### Exercise description
Nothing but the lines from the one with "0) x (0, 1, 0)" down to the one with "of L1.end L2.end" should be returned, exactly and with both ends included, from the material below.

::::

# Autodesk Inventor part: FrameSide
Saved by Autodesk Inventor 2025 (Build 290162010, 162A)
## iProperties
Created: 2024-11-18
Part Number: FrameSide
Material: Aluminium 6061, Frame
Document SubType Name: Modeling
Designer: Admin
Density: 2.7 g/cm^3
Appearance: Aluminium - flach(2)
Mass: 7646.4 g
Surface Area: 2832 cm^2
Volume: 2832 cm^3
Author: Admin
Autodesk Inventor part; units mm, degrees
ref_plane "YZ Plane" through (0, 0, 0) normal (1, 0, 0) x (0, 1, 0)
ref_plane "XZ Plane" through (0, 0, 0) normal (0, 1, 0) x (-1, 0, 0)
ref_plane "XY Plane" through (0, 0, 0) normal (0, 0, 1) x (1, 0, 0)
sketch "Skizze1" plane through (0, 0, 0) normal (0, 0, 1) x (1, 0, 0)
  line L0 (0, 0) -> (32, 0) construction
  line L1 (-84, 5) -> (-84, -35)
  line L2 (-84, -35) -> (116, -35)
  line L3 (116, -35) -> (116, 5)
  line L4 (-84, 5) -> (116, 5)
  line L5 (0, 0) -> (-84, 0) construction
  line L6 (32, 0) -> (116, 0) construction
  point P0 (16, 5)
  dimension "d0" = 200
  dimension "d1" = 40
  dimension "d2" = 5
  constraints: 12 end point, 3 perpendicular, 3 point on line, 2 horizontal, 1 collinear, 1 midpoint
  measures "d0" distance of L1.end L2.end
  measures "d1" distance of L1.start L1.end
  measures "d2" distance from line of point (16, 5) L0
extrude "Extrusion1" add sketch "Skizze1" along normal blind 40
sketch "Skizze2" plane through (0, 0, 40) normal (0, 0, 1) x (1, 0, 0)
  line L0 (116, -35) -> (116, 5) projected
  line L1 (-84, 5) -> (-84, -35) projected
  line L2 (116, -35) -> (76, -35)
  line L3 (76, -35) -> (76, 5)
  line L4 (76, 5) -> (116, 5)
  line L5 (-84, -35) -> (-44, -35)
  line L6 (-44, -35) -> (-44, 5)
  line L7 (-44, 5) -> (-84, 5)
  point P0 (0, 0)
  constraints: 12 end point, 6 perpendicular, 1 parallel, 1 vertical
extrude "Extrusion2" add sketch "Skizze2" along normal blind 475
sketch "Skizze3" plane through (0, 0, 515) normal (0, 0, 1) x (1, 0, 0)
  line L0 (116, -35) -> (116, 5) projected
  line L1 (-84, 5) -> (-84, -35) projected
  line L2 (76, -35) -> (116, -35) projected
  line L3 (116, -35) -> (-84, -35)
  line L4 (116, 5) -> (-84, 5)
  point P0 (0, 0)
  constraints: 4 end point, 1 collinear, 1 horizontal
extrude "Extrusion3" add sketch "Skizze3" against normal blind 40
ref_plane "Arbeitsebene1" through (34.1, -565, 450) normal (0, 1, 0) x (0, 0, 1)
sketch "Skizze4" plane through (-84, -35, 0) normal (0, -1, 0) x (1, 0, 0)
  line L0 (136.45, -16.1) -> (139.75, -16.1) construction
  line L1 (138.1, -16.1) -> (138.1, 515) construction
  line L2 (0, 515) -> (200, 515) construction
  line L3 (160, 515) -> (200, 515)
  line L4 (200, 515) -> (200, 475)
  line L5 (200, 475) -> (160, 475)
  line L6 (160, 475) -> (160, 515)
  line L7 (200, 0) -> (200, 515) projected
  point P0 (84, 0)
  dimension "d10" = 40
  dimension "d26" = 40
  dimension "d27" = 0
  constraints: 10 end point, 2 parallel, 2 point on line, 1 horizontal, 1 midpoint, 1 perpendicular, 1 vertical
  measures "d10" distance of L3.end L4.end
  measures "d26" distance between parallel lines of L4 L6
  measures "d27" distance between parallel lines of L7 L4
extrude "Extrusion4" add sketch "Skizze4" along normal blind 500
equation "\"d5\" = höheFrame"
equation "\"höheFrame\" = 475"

::::

### Answer for the task
ref_plane "YZ Plane" through (0, 0, 0) normal (1, 0, 0) x (0, 1, 0)
ref_plane "XZ Plane" through (0, 0, 0) normal (0, 1, 0) x (-1, 0, 0)
ref_plane "XY Plane" through (0, 0, 0) normal (0, 0, 1) x (1, 0, 0)
sketch "Skizze1" plane through (0, 0, 0) normal (0, 0, 1) x (1, 0, 0)
  line L0 (0, 0) -> (32, 0) construction
  line L1 (-84, 5) -> (-84, -35)
  line L2 (-84, -35) -> (116, -35)
  line L3 (116, -35) -> (116, 5)
  line L4 (-84, 5) -> (116, 5)
  line L5 (0, 0) -> (-84, 0) construction
  line L6 (32, 0) -> (116, 0) construction
  point P0 (16, 5)
  dimension "d0" = 200
  dimension "d1" = 40
  dimension "d2" = 5
  constraints: 12 end point, 3 perpendicular, 3 point on line, 2 horizontal, 1 collinear, 1 midpoint
  measures "d0" distance of L1.end L2.end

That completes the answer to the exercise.